From your connections/work with the Local Enterprise Partnership a lot of funding gets targeted to STEM subjects and skills – what is your experience as an employer?
Obviously, there’s a big focus on STEM now and that’s great, but my concern in the world is that if we neglect the Arts, we miss out on something else that’s vitally important. What we really need is people thinking creatively about where we want to go. As the world starts to automate a lot of business, what you need is more people thinking differently – that’s what Arts and Culture can bring. I’m not saying that people don’t think creatively in STEM, of course they do, but you’ve got to encourage people that you can’t just learn by rote – you’ve got to find other ways to look at the world around us.

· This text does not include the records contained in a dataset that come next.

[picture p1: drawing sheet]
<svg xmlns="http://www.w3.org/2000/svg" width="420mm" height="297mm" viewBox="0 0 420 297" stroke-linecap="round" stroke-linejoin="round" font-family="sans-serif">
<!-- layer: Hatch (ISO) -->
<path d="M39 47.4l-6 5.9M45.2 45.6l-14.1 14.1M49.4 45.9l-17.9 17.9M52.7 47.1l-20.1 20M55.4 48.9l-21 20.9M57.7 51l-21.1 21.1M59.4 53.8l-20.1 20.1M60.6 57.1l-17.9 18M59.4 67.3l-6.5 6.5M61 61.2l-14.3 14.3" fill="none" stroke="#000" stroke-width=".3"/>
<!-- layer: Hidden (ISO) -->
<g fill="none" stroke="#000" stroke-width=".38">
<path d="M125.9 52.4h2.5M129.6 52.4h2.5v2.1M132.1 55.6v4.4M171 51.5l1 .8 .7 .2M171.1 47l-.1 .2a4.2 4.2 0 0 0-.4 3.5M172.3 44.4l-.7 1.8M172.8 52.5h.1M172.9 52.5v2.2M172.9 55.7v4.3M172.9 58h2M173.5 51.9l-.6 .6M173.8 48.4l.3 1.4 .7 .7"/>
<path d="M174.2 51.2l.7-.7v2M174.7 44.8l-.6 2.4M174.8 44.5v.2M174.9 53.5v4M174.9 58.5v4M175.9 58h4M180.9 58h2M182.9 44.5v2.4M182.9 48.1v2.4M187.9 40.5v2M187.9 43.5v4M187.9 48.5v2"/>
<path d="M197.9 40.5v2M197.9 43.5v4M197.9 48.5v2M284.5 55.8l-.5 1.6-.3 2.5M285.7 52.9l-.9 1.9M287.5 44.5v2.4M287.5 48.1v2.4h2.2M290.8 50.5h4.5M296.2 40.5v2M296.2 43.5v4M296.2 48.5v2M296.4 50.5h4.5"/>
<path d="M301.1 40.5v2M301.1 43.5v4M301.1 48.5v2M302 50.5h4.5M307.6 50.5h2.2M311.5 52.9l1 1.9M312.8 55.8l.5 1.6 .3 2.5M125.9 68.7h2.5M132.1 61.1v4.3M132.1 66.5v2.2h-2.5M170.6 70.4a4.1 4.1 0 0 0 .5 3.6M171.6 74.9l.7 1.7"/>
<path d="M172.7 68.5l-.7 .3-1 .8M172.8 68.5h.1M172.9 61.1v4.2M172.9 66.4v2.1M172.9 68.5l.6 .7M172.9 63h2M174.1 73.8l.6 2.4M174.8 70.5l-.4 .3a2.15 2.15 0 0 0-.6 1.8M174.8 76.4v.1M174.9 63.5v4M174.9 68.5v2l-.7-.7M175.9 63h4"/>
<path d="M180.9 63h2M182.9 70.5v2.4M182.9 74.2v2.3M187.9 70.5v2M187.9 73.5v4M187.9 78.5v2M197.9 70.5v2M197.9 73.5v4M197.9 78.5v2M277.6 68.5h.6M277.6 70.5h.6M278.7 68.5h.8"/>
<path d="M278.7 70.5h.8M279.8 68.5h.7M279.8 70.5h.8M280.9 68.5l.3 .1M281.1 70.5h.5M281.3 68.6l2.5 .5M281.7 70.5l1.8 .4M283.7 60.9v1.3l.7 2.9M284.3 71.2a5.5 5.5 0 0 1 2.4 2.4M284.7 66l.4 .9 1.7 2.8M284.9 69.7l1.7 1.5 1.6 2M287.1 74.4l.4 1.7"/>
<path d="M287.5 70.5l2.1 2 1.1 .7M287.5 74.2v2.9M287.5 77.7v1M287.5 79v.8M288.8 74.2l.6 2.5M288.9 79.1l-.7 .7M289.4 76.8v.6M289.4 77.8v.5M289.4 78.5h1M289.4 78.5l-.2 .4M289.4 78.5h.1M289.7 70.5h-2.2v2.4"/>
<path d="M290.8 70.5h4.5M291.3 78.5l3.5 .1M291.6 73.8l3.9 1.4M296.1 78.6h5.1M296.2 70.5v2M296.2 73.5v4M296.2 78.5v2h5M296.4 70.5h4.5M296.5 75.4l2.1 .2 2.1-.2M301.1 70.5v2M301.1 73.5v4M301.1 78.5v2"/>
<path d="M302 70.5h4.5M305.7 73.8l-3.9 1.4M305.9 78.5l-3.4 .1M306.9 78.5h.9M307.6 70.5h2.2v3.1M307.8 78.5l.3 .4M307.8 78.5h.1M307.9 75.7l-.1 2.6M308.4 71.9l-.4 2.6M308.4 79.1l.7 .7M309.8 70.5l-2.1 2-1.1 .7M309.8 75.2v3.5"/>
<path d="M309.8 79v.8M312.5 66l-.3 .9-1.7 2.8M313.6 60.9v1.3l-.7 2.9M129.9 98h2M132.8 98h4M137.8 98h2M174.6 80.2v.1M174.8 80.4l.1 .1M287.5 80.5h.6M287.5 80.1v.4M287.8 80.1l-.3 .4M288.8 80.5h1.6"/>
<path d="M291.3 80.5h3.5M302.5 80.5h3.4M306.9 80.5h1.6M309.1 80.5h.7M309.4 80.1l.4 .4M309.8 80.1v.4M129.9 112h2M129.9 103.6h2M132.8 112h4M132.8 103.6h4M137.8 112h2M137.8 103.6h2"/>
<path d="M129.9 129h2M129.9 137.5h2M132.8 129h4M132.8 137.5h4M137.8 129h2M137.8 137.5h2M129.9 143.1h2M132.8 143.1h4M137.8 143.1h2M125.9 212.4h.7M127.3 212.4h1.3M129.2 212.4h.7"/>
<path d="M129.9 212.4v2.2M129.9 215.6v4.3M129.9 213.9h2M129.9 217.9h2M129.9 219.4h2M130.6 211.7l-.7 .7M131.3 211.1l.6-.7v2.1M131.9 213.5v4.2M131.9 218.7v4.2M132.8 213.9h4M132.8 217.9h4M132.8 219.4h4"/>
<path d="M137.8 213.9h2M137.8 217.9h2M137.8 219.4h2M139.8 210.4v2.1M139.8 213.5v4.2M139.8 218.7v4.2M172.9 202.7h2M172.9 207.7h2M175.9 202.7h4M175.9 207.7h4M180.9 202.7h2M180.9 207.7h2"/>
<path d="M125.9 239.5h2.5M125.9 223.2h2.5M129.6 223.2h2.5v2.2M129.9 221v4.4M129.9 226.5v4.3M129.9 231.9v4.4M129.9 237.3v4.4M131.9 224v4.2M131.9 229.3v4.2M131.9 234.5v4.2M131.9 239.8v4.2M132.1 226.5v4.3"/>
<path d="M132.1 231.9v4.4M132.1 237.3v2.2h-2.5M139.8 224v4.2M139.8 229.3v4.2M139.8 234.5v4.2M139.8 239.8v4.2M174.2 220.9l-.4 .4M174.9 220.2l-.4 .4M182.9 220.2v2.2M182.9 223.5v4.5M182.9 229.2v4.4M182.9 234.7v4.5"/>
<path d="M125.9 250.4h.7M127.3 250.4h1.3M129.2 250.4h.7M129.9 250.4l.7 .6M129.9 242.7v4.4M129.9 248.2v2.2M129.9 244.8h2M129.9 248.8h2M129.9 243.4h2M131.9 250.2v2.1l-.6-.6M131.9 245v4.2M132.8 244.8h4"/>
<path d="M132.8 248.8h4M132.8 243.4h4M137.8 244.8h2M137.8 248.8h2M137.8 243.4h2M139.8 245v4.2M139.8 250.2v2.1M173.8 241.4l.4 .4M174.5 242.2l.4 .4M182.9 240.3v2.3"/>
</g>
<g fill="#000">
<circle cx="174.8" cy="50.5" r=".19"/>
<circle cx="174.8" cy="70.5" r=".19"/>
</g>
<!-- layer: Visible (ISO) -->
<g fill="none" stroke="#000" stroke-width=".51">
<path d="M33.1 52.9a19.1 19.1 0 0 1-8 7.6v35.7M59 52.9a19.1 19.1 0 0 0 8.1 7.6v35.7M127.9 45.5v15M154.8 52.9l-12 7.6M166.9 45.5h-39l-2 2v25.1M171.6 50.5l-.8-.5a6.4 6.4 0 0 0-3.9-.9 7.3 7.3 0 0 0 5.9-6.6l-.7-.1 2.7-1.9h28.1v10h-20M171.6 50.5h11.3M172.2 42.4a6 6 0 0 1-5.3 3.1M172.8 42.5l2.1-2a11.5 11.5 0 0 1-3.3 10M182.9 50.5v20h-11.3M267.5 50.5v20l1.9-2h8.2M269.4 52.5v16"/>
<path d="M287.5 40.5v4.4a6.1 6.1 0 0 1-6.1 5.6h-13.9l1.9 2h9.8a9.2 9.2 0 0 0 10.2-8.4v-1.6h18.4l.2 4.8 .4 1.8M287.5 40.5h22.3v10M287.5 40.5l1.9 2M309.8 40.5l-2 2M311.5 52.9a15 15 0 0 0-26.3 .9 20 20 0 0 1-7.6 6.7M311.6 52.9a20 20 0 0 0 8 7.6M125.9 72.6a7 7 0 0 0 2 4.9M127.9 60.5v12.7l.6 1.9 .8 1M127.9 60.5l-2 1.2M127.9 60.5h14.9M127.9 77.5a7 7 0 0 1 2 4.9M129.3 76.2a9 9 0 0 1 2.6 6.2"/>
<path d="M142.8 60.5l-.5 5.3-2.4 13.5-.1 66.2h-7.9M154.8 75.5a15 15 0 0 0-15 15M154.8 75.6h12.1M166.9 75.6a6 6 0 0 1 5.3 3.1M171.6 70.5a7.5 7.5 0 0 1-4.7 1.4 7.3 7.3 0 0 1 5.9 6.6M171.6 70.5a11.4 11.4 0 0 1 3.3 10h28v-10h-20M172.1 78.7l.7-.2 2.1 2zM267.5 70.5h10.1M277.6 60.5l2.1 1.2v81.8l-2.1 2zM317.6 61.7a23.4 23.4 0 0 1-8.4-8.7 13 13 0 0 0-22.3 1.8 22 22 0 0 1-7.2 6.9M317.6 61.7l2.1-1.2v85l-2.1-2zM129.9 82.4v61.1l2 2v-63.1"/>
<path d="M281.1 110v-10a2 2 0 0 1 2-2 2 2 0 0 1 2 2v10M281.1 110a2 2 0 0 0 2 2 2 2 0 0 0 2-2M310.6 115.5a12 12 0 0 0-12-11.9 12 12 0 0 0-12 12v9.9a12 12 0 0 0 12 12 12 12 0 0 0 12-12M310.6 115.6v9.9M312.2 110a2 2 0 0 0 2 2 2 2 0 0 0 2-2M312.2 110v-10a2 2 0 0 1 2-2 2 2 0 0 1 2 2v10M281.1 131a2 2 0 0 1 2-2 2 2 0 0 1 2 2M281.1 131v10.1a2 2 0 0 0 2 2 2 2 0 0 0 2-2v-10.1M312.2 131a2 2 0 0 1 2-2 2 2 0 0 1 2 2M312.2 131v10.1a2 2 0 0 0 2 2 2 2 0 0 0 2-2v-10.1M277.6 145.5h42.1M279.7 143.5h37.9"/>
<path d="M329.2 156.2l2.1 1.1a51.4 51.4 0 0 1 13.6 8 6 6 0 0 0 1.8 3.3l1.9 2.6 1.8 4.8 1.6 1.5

I think the decrease in emphasis on the Arts in schools, particularly around drama, painting, or any of the wider art subjects, will cause a real problem in the future. If they’re not going to promote it in schools, then places like The Exchange need to be supported to fill this gap – whether that’s trust funding, government or council support – otherwise I think we will lose a generation of talent.
Could you comment on the value to organisations of professionals volunteering their skills in different settings?
It’s important that companies and people that have capacity to do it go out and see how other organisations work. It can only do good for their ability to do their own job better.
I gain a lot from when I watch a piece of theatre at The Exchange – to see that as a product compared to the product that I sell every day. It just gives you a different feeling – to watch that achievement and know that you’ve helped the team get there. It’s entirely different to the support that my team at The NBT Group need from me. It gives you the mind space to see other challenges and respond creatively. It’s like everything in life: the more people can get involved, perhaps in something outside of their comfort zones, and the more ideas or questions from different standpoints we bring to the party, the better.
You work with economic development across the region – what part do you see culture playing in the future?
We need local councils and central government to not forget the importance of Arts and Culture. Not only what they can bring directly to the economy as a multi-billion-pound turnover business sector in the UK, but what they can also bring to so many people, in terms of expanding minds and enriching lives.
I’ve always said that encouraging that nervous young person to stand on a stage and read out a poem in front of their family and friends can be hugely empowering for them. They might not necessarily go on to star on the West End stage, but the confidence they gain from it could mean that they grow up to become a great salesperson for me!
This confidence-building, the ability to think differently or creatively, to give a place to thrive for those who need it, is critical, and if we, as a whole, neglect to support the Arts, for our government not to put adequate focus on it, then I think we potentially lose something that should be a linchpin in our ability to move on over the next 10 years and beyond as individuals, as a region and as a country.
I’ve always thought that a community should have access to a theatre.